I have this Heddon Black Beauty bamboo rod with extra tip in flannel sleeve and in tube. I am just a Small mouth fly fisherman and have no use for it. I only fish bugs with glass rods. I have no idea as to it’s worth and would appreciate any help. Figure I might as well sell or trade it for something I can use.


----------



## firemanmike2127 (Mar 17, 2013)

Dan, I'm no help whatsoever on the value but might be interested in this rod. Please keep me in mind moving forward. Thanks & have a good day.
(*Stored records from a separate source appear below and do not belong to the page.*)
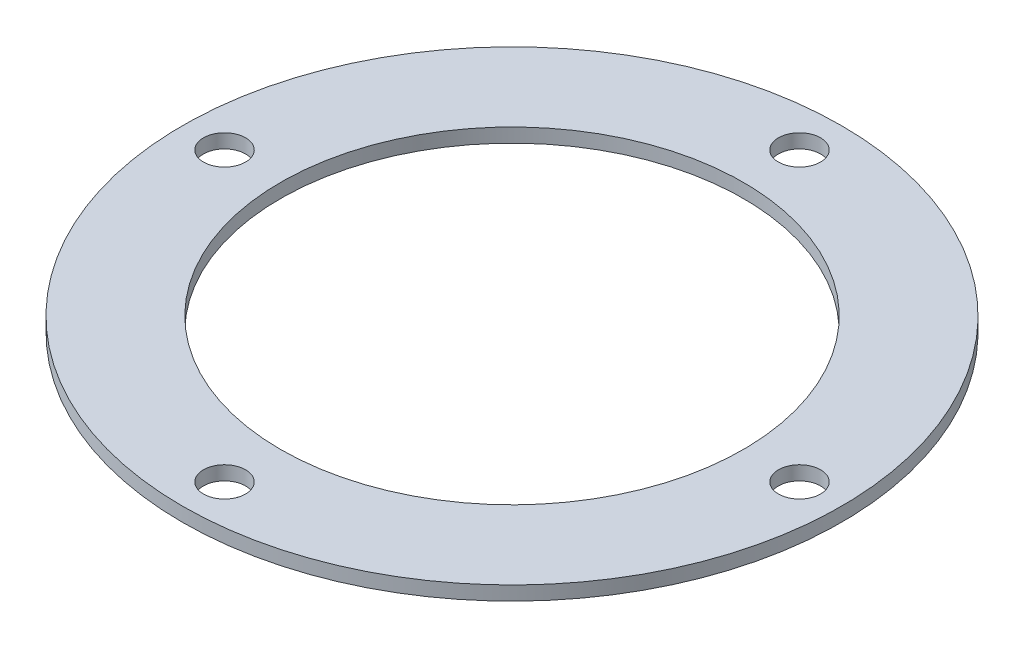
ISO-10303-21;
HEADER;
FILE_DESCRIPTION(('STEP AP214'),'2;1');
FILE_NAME('part.step','',(''),(''),'','','');
FILE_SCHEMA(('AUTOMOTIVE_DESIGN { 1 0 10303 214 1 1 1 1 }'));
ENDSEC;
DATA;
#1=APPLICATION_CONTEXT('core data for automotive mechanical design processes');
#2=APPLICATION_PROTOCOL_DEFINITION('international standard','automotive_design',2000,#1);
#3=PRODUCT_CONTEXT('',#1,'mechanical');
#4=PRODUCT('Part','Part','',(#3));
#5=PRODUCT_RELATED_PRODUCT_CATEGORY('part','',(#4));
#6=PRODUCT_DEFINITION_FORMATION('','',#4);
#7=PRODUCT_DEFINITION_CONTEXT('part definition',#1,'design');
#8=PRODUCT_DEFINITION('design','',#6,#7);
#9=PRODUCT_DEFINITION_SHAPE('','',#8);
#10=(LENGTH_UNIT() NAMED_UNIT(*) SI_UNIT(.MILLI.,.METRE.));
#11=(NAMED_UNIT(*) PLANE_ANGLE_UNIT() SI_UNIT($,.RADIAN.));
#12=(NAMED_UNIT(*) SI_UNIT($,.STERADIAN.) SOLID_ANGLE_UNIT());
#13=UNCERTAINTY_MEASURE_WITH_UNIT(LENGTH_MEASURE(1.E-05),#10,'distance_accuracy_value','');
#14=(GEOMETRIC_REPRESENTATION_CONTEXT(3) GLOBAL_UNCERTAINTY_ASSIGNED_CONTEXT((#13)) GLOBAL_UNIT_ASSIGNED_CONTEXT((#10,
#11,#12)) REPRESENTATION_CONTEXT('',''));
#15=CARTESIAN_POINT('',(0.,0.,0.));
#16=DIRECTION('',(0.,0.,1.));
#17=DIRECTION('',(1.,0.,0.));
#18=AXIS2_PLACEMENT_3D('',#15,#16,#17);
#19=CARTESIAN_POINT('',(0.,1.,0.));
#20=DIRECTION('',(0.,1.,0.));
#21=DIRECTION('',(0.,0.,1.));
#22=AXIS2_PLACEMENT_3D('',#19,#20,#21);
#23=PLANE('',#22);
#24=CARTESIAN_POINT('',(20.5,1.,0.));
#25=DIRECTION('',(0.,1.,0.));
#26=DIRECTION('',(0.,0.,1.));
#27=AXIS2_PLACEMENT_3D('',#24,#25,#26);
#28=CIRCLE('',#27,1.5);
#29=CARTESIAN_POINT('',(20.5,1.,1.5));
#30=VERTEX_POINT('',#29);
#31=EDGE_CURVE('E76',#30,#30,#28,.T.);
#32=ORIENTED_EDGE('',*,*,#31,.F.);
#33=EDGE_LOOP('',(#32));
#34=FACE_BOUND('',#33,.T.);
#35=CARTESIAN_POINT('',(-3.55618312575245E-13,1.,20.5));
#36=DIRECTION('',(0.,1.,0.));
#37=DIRECTION('',(0.,0.,1.));
#38=AXIS2_PLACEMENT_3D('',#35,#36,#37);
#39=CIRCLE('',#38,1.5);
#40=CARTESIAN_POINT('',(-3.55618312575245E-13,1.,22.));
#41=VERTEX_POINT('',#40);
#42=EDGE_CURVE('E71',#41,#41,#39,.T.);
#43=ORIENTED_EDGE('',*,*,#42,.F.);
#44=EDGE_LOOP('',(#43));
#45=FACE_BOUND('',#44,.T.);
#46=CARTESIAN_POINT('',(-20.5,1.,-4.25007251614318E-13));
#47=DIRECTION('',(0.,1.,0.));
#48=DIRECTION('',(0.,0.,1.));
#49=AXIS2_PLACEMENT_3D('',#46,#47,#48);
#50=CIRCLE('',#49,1.5);
#51=CARTESIAN_POINT('',(-20.5,1.,1.49999999999958));
#52=VERTEX_POINT('',#51);
#53=EDGE_CURVE('E70',#52,#52,#50,.T.);
#54=ORIENTED_EDGE('',*,*,#53,.F.);
#55=EDGE_LOOP('',(#54));
#56=FACE_BOUND('',#55,.T.);
#57=CARTESIAN_POINT('',(2.18808879264275E-13,1.,-20.5));
#58=DIRECTION('',(0.,1.,0.));
#59=DIRECTION('',(0.,0.,1.));
#60=AXIS2_PLACEMENT_3D('',#57,#58,#59);
#61=CIRCLE('',#60,1.5);
#62=CARTESIAN_POINT('',(2.18808879264275E-13,1.,-19.));
#63=VERTEX_POINT('',#62);
#64=EDGE_CURVE('E61',#63,#63,#61,.T.);
#65=ORIENTED_EDGE('',*,*,#64,.F.);
#66=EDGE_LOOP('',(#65));
#67=FACE_BOUND('',#66,.T.);
#68=CARTESIAN_POINT('',(0.,1.,0.));
#69=DIRECTION('',(0.,1.,0.));
#70=DIRECTION('',(0.,0.,1.));
#71=AXIS2_PLACEMENT_3D('',#68,#69,#70);
#72=CIRCLE('',#71,23.5);
#73=CARTESIAN_POINT('',(0.,1.,23.5));
#74=VERTEX_POINT('',#73);
#75=EDGE_CURVE('E10',#74,#74,#72,.T.);
#76=ORIENTED_EDGE('',*,*,#75,.T.);
#77=EDGE_LOOP('',(#76));
#78=FACE_BOUND('',#77,.T.);
#79=CARTESIAN_POINT('',(0.,1.,0.));
#80=DIRECTION('',(0.,1.,0.));
#81=DIRECTION('',(0.,0.,1.));
#82=AXIS2_PLACEMENT_3D('',#79,#80,#81);
#83=CIRCLE('',#82,16.5);
#84=CARTESIAN_POINT('',(0.,1.,16.5));
#85=VERTEX_POINT('',#84);
#86=EDGE_CURVE('E49',#85,#85,#83,.T.);
#87=ORIENTED_EDGE('',*,*,#86,.F.);
#88=EDGE_LOOP('',(#87));
#89=FACE_BOUND('',#88,.T.);
#90=ADVANCED_FACE('F39',(#34,#45,#56,#67,#78,#89),#23,.T.);
#91=CARTESIAN_POINT('',(0.,0.,0.));
#92=DIRECTION('',(0.,1.,0.));
#93=DIRECTION('',(0.,0.,1.));
#94=AXIS2_PLACEMENT_3D('',#91,#92,#93);
#95=PLANE('',#94);
#96=CARTESIAN_POINT('',(20.5,0.,0.));
#97=DIRECTION('',(0.,1.,0.));
#98=DIRECTION('',(0.,0.,1.));
#99=AXIS2_PLACEMENT_3D('',#96,#97,#98);
#100=CIRCLE('',#99,1.5);
#101=CARTESIAN_POINT('',(20.5,0.,1.5));
#102=VERTEX_POINT('',#101);
#103=EDGE_CURVE('E54',#102,#102,#100,.T.);
#104=ORIENTED_EDGE('',*,*,#103,.T.);
#105=EDGE_LOOP('',(#104));
#106=FACE_BOUND('',#105,.T.);
#107=CARTESIAN_POINT('',(-3.55618312575245E-13,0.,20.5));
#108=DIRECTION('',(0.,1.,0.));
#109=DIRECTION('',(0.,0.,1.));
#110=AXIS2_PLACEMENT_3D('',#107,#108,#109);
#111=CIRCLE('',#110,1.5);
#112=CARTESIAN_POINT('',(-3.55618312575245E-13,0.,22.));
#113=VERTEX_POINT('',#112);
#114=EDGE_CURVE('E69',#113,#113,#111,.T.);
#115=ORIENTED_EDGE('',*,*,#114,.T.);
#116=EDGE_LOOP('',(#115));
#117=FACE_BOUND('',#116,.T.);
#118=CARTESIAN_POINT('',(-20.5,0.,-4.25007251614318E-13));
#119=DIRECTION('',(0.,1.,0.));
#120=DIRECTION('',(0.,0.,1.));
#121=AXIS2_PLACEMENT_3D('',#118,#119,#120);
#122=CIRCLE('',#121,1.5);
#123=CARTESIAN_POINT('',(-20.5,0.,1.49999999999958));
#124=VERTEX_POINT('',#123);
#125=EDGE_CURVE('E63',#124,#124,#122,.T.);
#126=ORIENTED_EDGE('',*,*,#125,.T.);
#127=EDGE_LOOP('',(#126));
#128=FACE_BOUND('',#127,.T.);
#129=CARTESIAN_POINT('',(2.18808879264275E-13,0.,-20.5));
#130=DIRECTION('',(0.,1.,0.));
#131=DIRECTION('',(0.,0.,1.));
#132=AXIS2_PLACEMENT_3D('',#129,#130,#131);
#133=CIRCLE('',#132,1.5);
#134=CARTESIAN_POINT('',(2.18808879264275E-13,0.,-19.));
#135=VERTEX_POINT('',#134);
#136=EDGE_CURVE('E59',#135,#135,#133,.T.);
#137=ORIENTED_EDGE('',*,*,#136,.T.);
#138=EDGE_LOOP('',(#137));
#139=FACE_BOUND('',#138,.T.);
#140=CARTESIAN_POINT('',(0.,0.,0.));
#141=DIRECTION('',(0.,1.,0.));
#142=DIRECTION('',(0.,0.,1.));
#143=AXIS2_PLACEMENT_3D('',#140,#141,#142);
#144=CIRCLE('',#143,23.5);
#145=CARTESIAN_POINT('',(0.,0.,23.5));
#146=VERTEX_POINT('',#145);
#147=EDGE_CURVE('E43',#146,#146,#144,.T.);
#148=ORIENTED_EDGE('',*,*,#147,.F.);
#149=EDGE_LOOP('',(#148));
#150=FACE_BOUND('',#149,.T.);
#151=CARTESIAN_POINT('',(0.,0.,0.));
#152=DIRECTION('',(0.,1.,0.));
#153=DIRECTION('',(0.,0.,1.));
#154=AXIS2_PLACEMENT_3D('',#151,#152,#153);
#155=CIRCLE('',#154,16.5);
#156=CARTESIAN_POINT('',(0.,0.,16.5));
#157=VERTEX_POINT('',#156);
#158=EDGE_CURVE('E55',#157,#157,#155,.T.);
#159=ORIENTED_EDGE('',*,*,#158,.T.);
#160=EDGE_LOOP('',(#159));
#161=FACE_BOUND('',#160,.T.);
#162=ADVANCED_FACE('F85',(#106,#117,#128,#139,#150,#161),#95,.F.);
#163=CARTESIAN_POINT('',(0.,1.,0.));
#164=DIRECTION('',(0.,-1.,0.));
#165=DIRECTION('',(0.,0.,-1.));
#166=AXIS2_PLACEMENT_3D('',#163,#164,#165);
#167=CYLINDRICAL_SURFACE('',#166,23.5);
#168=ORIENTED_EDGE('',*,*,#75,.F.);
#169=EDGE_LOOP('',(#168));
#170=FACE_BOUND('',#169,.T.);
#171=ORIENTED_EDGE('',*,*,#147,.T.);
#172=EDGE_LOOP('',(#171));
#173=FACE_BOUND('',#172,.T.);
#174=ADVANCED_FACE('F41',(#170,#173),#167,.T.);
#175=CARTESIAN_POINT('',(0.,1.,0.));
#176=DIRECTION('',(0.,-1.,0.));
#177=DIRECTION('',(0.,0.,-1.));
#178=AXIS2_PLACEMENT_3D('',#175,#176,#177);
#179=CYLINDRICAL_SURFACE('',#178,16.5);
#180=ORIENTED_EDGE('',*,*,#86,.T.);
#181=EDGE_LOOP('',(#180));
#182=FACE_BOUND('',#181,.T.);
#183=ORIENTED_EDGE('',*,*,#158,.F.);
#184=EDGE_LOOP('',(#183));
#185=FACE_BOUND('',#184,.T.);
#186=ADVANCED_FACE('F103',(#182,#185),#179,.F.);
#187=CARTESIAN_POINT('',(2.18808879264275E-13,0.,-20.5));
#188=DIRECTION('',(0.,1.,0.));
#189=DIRECTION('',(0.,0.,1.));
#190=AXIS2_PLACEMENT_3D('',#187,#188,#189);
#191=CYLINDRICAL_SURFACE('',#190,1.5);
#192=ORIENTED_EDGE('',*,*,#136,.F.);
#193=EDGE_LOOP('',(#192));
#194=FACE_BOUND('',#193,.T.);
#195=ORIENTED_EDGE('',*,*,#64,.T.);
#196=EDGE_LOOP('',(#195));
#197=FACE_BOUND('',#196,.T.);
#198=ADVANCED_FACE('F106',(#194,#197),#191,.F.);
#199=CARTESIAN_POINT('',(-20.5,0.,-4.25007251614318E-13));
#200=DIRECTION('',(0.,1.,0.));
#201=DIRECTION('',(0.,0.,1.));
#202=AXIS2_PLACEMENT_3D('',#199,#200,#201);
#203=CYLINDRICAL_SURFACE('',#202,1.5);
#204=ORIENTED_EDGE('',*,*,#125,.F.);
#205=EDGE_LOOP('',(#204));
#206=FACE_BOUND('',#205,.T.);
#207=ORIENTED_EDGE('',*,*,#53,.T.);
#208=EDGE_LOOP('',(#207));
#209=FACE_BOUND('',#208,.T.);
#210=ADVANCED_FACE('F119',(#206,#209),#203,.F.);
#211=CARTESIAN_POINT('',(-3.55618312575245E-13,0.,20.5));
#212=DIRECTION('',(0.,1.,0.));
#213=DIRECTION('',(0.,0.,1.));
#214=AXIS2_PLACEMENT_3D('',#211,#212,#213);
#215=CYLINDRICAL_SURFACE('',#214,1.5);
#216=ORIENTED_EDGE('',*,*,#114,.F.);
#217=EDGE_LOOP('',(#216));
#218=FACE_BOUND('',#217,.T.);
#219=ORIENTED_EDGE('',*,*,#42,.T.);
#220=EDGE_LOOP('',(#219));
#221=FACE_BOUND('',#220,.T.);
#222=ADVANCED_FACE('F86',(#218,#221),#215,.F.);
#223=CARTESIAN_POINT('',(20.5,0.,0.));
#224=DIRECTION('',(0.,1.,0.));
#225=DIRECTION('',(0.,0.,1.));
#226=AXIS2_PLACEMENT_3D('',#223,#224,#225);
#227=CYLINDRICAL_SURFACE('',#226,1.5);
#228=ORIENTED_EDGE('',*,*,#103,.F.);
#229=EDGE_LOOP('',(#228));
#230=FACE_BOUND('',#229,.T.);
#231=ORIENTED_EDGE('',*,*,#31,.T.);
#232=EDGE_LOOP('',(#231));
#233=FACE_BOUND('',#232,.T.);
#234=ADVANCED_FACE('F84',(#230,#233),#227,.F.);
#235=CLOSED_SHELL('',(#90,#162,#174,#186,#198,#210,#222,#234));
#236=MANIFOLD_SOLID_BREP('B2',#235);
#237=ADVANCED_BREP_SHAPE_REPRESENTATION('',(#18,#236),#14);
#238=SHAPE_DEFINITION_REPRESENTATION(#9,#237);
ENDSEC;
END-ISO-10303-21;

Mike Bruns Celina 419-305-8111


----------



## Morrowtucky Mike (May 2, 2018)

Just did a quick google search. Lots of info and a bunch for sale on eBay. Looks like the #17 is the most popular one I saw. Several for around $200


----------



## luredaddy (May 25, 2004)

Length, originality, condition are the main factors. The Black Beauty is a lower grade Heddon, but was a popular model with working class America. Bamboo rods that command the most $$, are 7' to 8' in length, in original , excellent condition. If I had more details , I could be more specific. John


----------



## piscator (Jun 14, 2004)

Luredaddy is spot on. I refinish many of these old rods and the condition is the key to the value along with length. Are all sections the same length, is the finish in good shape, do any of the sections have a set, which means they are not perfectly straight. Is the cork good etc. A heddon 17 that can answer yes to all of these might fetch around 225 with the original sock and tube. They are fun rods and one of the better examples of blue collar bamboo


----------



## Drm50 (Dec 26, 2014)

I took pic of rate stuff on rod. Finish and eyes not bad but wraps dry rotted. 2nd rod is incomplete and has several tips, asst not from rod. Somebodies repair parts?


----------